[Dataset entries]
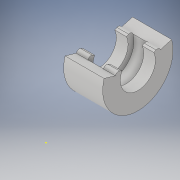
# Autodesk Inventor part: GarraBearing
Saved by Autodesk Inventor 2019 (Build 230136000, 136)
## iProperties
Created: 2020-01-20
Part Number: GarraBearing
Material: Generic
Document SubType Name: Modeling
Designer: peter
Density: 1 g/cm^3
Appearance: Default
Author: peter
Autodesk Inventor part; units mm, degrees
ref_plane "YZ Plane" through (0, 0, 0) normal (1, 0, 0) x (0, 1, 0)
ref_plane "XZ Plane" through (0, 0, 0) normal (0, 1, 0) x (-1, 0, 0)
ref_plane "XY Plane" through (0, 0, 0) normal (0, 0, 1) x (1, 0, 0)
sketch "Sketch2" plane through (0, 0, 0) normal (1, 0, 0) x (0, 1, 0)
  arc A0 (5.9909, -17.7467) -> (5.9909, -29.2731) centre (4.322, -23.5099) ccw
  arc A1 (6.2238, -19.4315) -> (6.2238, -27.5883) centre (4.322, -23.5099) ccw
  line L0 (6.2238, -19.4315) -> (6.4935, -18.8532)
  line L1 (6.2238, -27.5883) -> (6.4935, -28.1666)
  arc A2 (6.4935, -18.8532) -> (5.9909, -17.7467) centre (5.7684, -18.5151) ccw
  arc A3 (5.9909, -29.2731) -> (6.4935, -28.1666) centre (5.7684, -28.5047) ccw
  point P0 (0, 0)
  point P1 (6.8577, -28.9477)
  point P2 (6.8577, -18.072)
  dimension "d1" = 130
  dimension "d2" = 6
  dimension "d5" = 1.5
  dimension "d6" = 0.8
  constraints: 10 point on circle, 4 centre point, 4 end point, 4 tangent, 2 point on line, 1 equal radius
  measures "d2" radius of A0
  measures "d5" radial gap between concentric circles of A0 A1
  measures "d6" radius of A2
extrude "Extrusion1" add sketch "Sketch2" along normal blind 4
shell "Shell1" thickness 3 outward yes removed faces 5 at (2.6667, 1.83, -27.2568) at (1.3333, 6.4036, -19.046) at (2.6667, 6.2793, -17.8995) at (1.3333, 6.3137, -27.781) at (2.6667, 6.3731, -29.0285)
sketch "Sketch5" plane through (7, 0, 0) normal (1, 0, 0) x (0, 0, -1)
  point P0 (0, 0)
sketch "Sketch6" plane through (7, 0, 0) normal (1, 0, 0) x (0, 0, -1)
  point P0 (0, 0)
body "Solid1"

*WHAT THE EXERCISE ASKS*
From the records above, print only the lines between the one holding "arc A2 (6.4935, -18.8532)" and the one holding "circles of A0 A1", inclusive, exactly as they stand.

*TASK SOLUTION*
  arc A2 (6.4935, -18.8532) -> (5.9909, -17.7467) centre (5.7684, -18.5151) ccw
  arc A3 (5.9909, -29.2731) -> (6.4935, -28.1666) centre (5.7684, -28.5047) ccw
  point P0 (0, 0)
  point P1 (6.8577, -28.9477)
  point P2 (6.8577, -18.072)
  dimension "d1" = 130
  dimension "d2" = 6
  dimension "d5" = 1.5
  dimension "d6" = 0.8
  constraints: 10 point on circle, 4 centre point, 4 end point, 4 tangent, 2 point on line, 1 equal radius
  measures "d2" radius of A0
  measures "d5" radial gap between concentric circles of A0 A1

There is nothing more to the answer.